[Source records]

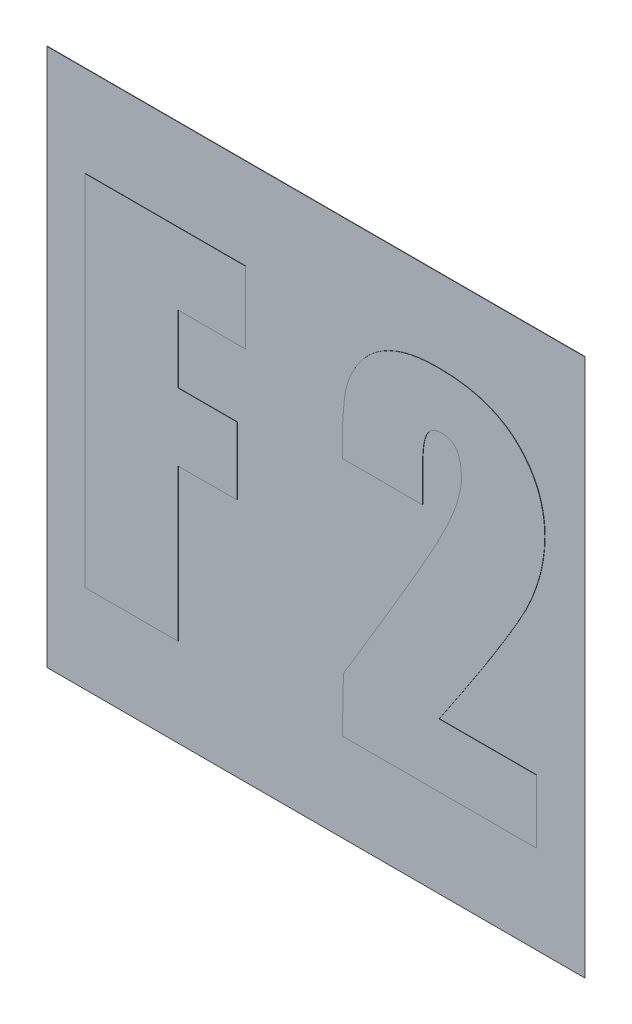
from build123d import *

# Parameters (mm, degrees)
SKETCH1_W           = 15
SKETCH1_H           = 15
BASE_EXTRUDE_DEPTH  = 0.01
BOSS_EXTRUDE1_DEPTH = 0.01


with BuildPart() as part:
    # Sketch1 → Base-Extrude (new body)
    with BuildSketch(Plane.XY):
        Rectangle(SKETCH1_W, SKETCH1_H)
    extrude(amount=BASE_EXTRUDE_DEPTH)

    # Sketch3 → Boss-Extrude1 (add)
    with BuildSketch(Plane.XY.offset(0.01)):
        Polygon((-6.422687471, 4.966697862), (-1.95437388, 4.966697862), (-1.95437388, 2.967715466), (-3.835769076, 2.967715466), (-3.835769076, 1.08632027), (-2.189548279, 1.08632027), (-2.189548279, -0.795074926), (-3.835769076, -0.795074926), (-3.835769076, -5.028214117), (-6.422687471, -5.028214117), align=None)
        with BuildLine():
            Line((6.159142904, -3.264406121), (6.159142904, -5.028214117))
            Line((6.159142904, -5.028214117), (0.750131715, -5.028214117))
            Line((0.750131715, -5.028214117), (0.779528515, -3.499580521))
            add(Edge.make_bspline(
                [(0.779528515, -3.499580521), (0.877014083, -3.338576188), (1.066979862, -3.024834225), (1.343045705, -2.56480754), (1.602681012, -2.128002305), (1.850432695, -1.716510192), (2.079193397, -1.326713925), (2.294345848, -0.961203267), (2.494671208, -0.619498336), (2.679973751, -0.301493491), (2.851966968, -0.007907642), (3.004887743, 0.263950757), (3.145640195, 0.510739163), (3.270514365, 0.733991797), (3.3786378, 0.934750039), (3.473207235, 1.111300707), (3.551330736, 1.264877002), (3.636598876, 1.434182645), (3.725717962, 1.624674223), (3.817352242, 1.840530263), (3.894914579, 2.044060275), (3.960461689, 2.233412865), (4.006982766, 2.411483456), (4.046334489, 2.574975972), (4.066429896, 2.727136462), (4.070191411, 2.824363225), (4.071970108, 2.870338566)],
                knots=[0, 0, 0, 0, 0.000564652, 0.001100313, 0.001609507, 0.002089081, 0.002541254, 0.002965388, 0.003361483, 0.00372954, 0.004069559, 0.004382224, 0.004665264, 0.004921882, 0.005149603, 0.005349329, 0.005522708, 0.005666499, 0.005918015, 0.006153476, 0.00636981, 0.00657142, 0.006754155, 0.006921752, 0.007075582, 0.007213575, 0.007213575, 0.007213575, 0.007213575], degree=3))
            add(Edge.make_bspline(
                [(4.071970108, 2.870338566), (4.070068672, 2.933484515), (4.066508767, 3.051707609), (4.04433705, 3.217001799), (4.002738782, 3.357003396), (3.943565001, 3.472371568), (3.867169386, 3.564598818), (3.769499006, 3.629208641), (3.653793224, 3.66631058), (3.571275415, 3.67085994), (3.528129309, 3.673238665)],
                knots=[0, 0, 0, 0, 0.000189465, 0.00035472, 0.000498851, 0.000625412, 0.000741395, 0.000854011, 0.000971956, 0.001101209, 0.001101209, 0.001101209, 0.001101209], degree=3))
            add(Edge.make_bspline(
                [(3.528129309, 3.673238665), (3.484910432, 3.671163948), (3.401853536, 3.667176812), (3.285749318, 3.625396077), (3.188411854, 3.554676877), (3.125112869, 3.473103812), (3.084579248, 3.393226095), (3.05651705, 3.3188966), (3.036714643, 3.230759277), (3.014954485, 3.130743563), (3.000980696, 3.016402907), (2.993317763, 2.888767878), (2.984453815, 2.747962897), (2.984345395, 2.649879731), (2.98428851, 2.598418167)],
                knots=[0, 0, 0, 0, 0.000129252, 0.000248394, 0.000364158, 0.000485823, 0.000554026, 0.000632516, 0.00072342, 0.000824672, 0.000939529, 0.001068468, 0.001208296, 0.00136264, 0.00136264, 0.00136264, 0.00136264], degree=3))
            Line((2.98428851, 2.598418167), (2.98428851, 1.674256269))
            Line((2.98428851, 1.674256269), (0.750131715, 1.674256269))
            Line((0.750131715, 1.674256269), (0.750131715, 2.032529768))
            add(Edge.make_bspline(
                [(0.750131715, 2.032529768), (0.751022306, 2.16238688), (0.752707687, 2.408132412), (0.769457747, 2.75497652), (0.794121954, 3.058519518), (0.829016676, 3.326551357), (0.8889659, 3.572609948), (0.980977076, 3.808592891), (1.100992692, 4.043964564), (1.252566069, 4.272463253), (1.429507662, 4.48928336), (1.638168026, 4.678306609), (1.871509665, 4.838617245), (2.129530989, 4.972884244), (2.414907456, 5.074410455), (2.724975997, 5.15020006), (3.062040959, 5.194068001), (3.295275309, 5.19920968), (3.416054009, 5.201872262)],
                knots=[0, 0, 0, 0, 0.000389547, 0.00073719, 0.001041434, 0.001303086, 0.001547281, 0.001799098, 0.002061221, 0.002338435, 0.002620255, 0.00289858, 0.003179903, 0.003467515, 0.003768586, 0.004086312, 0.004423595, 0.004785841, 0.004785841, 0.004785841, 0.004785841], degree=3))
            add(Edge.make_bspline(
                [(3.416054009, 5.201872262), (3.534966431, 5.200080949), (3.765988513, 5.196600802), (4.101222792, 5.160428229), (4.414479271, 5.105247103), (4.705518743, 5.023904179), (4.974089205, 4.91969881), (5.220309249, 4.792782177), (5.443526672, 4.64230899), (5.643566838, 4.469806168), (5.819026319, 4.278351536), (5.973160681, 4.074852589), (6.103805742, 3.859461087), (6.211974397, 3.632193542), (6.292222673, 3.39113189), (6.350412677, 3.138911047), (6.389348309, 2.874602653), (6.392639634, 2.69409963), (6.394317303, 2.602092767)],
                knots=[0, 0, 0, 0, 0.000356607, 0.000692812, 0.001010304, 0.001309874, 0.001597838, 0.001873127, 0.00213913, 0.00240358, 0.002663621, 0.002916802, 0.00316825, 0.003418103, 0.003670262, 0.003928747, 0.004194038, 0.004469854, 0.004469854, 0.004469854, 0.004469854], degree=3))
            add(Edge.make_bspline(
                [(6.394317303, 2.602092767), (6.392746801, 2.530392619), (6.389573077, 2.385498544), (6.368416534, 2.166525542), (6.335496514, 1.944494313), (6.289237681, 1.718691614), (6.228852902, 1.490592136), (6.154009792, 1.259261118), (6.068593193, 1.024462193), (5.983251437, 0.825045072), (5.903440559, 0.656268599), (5.831206174, 0.511348432), (5.744678172, 0.350644217), (5.645434225, 0.172419472), (5.533178231, -0.022253367), (5.408235872, -0.23355711), (5.269714361, -0.461563791), (5.12022609, -0.707268255), (4.955268897, -0.968500781), (4.779876872, -1.248181418), (4.588522389, -1.542420961), (4.386080467, -1.854729454), (4.169155651, -2.182111033), (3.941284953, -2.528915012), (3.699482969, -2.89155892), (3.532558952, -3.138340923), (3.447288109, -3.264406121)],
                knots=[0, 0, 0, 0, 0.00021509, 0.00043466, 0.00065942, 0.000888229, 0.00112576, 0.001366894, 0.001617421, 0.001875076, 0.002017262, 0.002177487, 0.002360785, 0.002564758, 0.002789458, 0.003034921, 0.003301178, 0.003589815, 0.003897721, 0.004228026, 0.004580179, 0.004950663, 0.00534457, 0.00575835, 0.006195566, 0.006652153, 0.006652153, 0.006652153, 0.006652153], degree=3))
            Line((3.447288109, -3.264406121), (6.159142904, -3.264406121))
        make_face()
    extrude(amount=BOSS_EXTRUDE1_DEPTH)


solid = part.part

» WHAT IS NEEDED
Given the data above, transcribe exactly the lines from the one containing "with BuildPart() as" down to the one containing "Line((6.159142904, -3.264406121), (6.159142904, -5.028214117))", and no others.

» PROBLEM SOLUTION
with BuildPart() as part:
    # Sketch1 → Base-Extrude (new body)
    with BuildSketch(Plane.XY):
        Rectangle(SKETCH1_W, SKETCH1_H)
    extrude(amount=BASE_EXTRUDE_DEPTH)

    # Sketch3 → Boss-Extrude1 (add)
    with BuildSketch(Plane.XY.offset(0.01)):
        Polygon((-6.422687471, 4.966697862), (-1.95437388, 4.966697862), (-1.95437388, 2.967715466), (-3.835769076, 2.967715466), (-3.835769076, 1.08632027), (-2.189548279, 1.08632027), (-2.189548279, -0.795074926), (-3.835769076, -0.795074926), (-3.835769076, -5.028214117), (-6.422687471, -5.028214117), align=None)
        with BuildLine():
            Line((6.159142904, -3.264406121), (6.159142904, -5.028214117))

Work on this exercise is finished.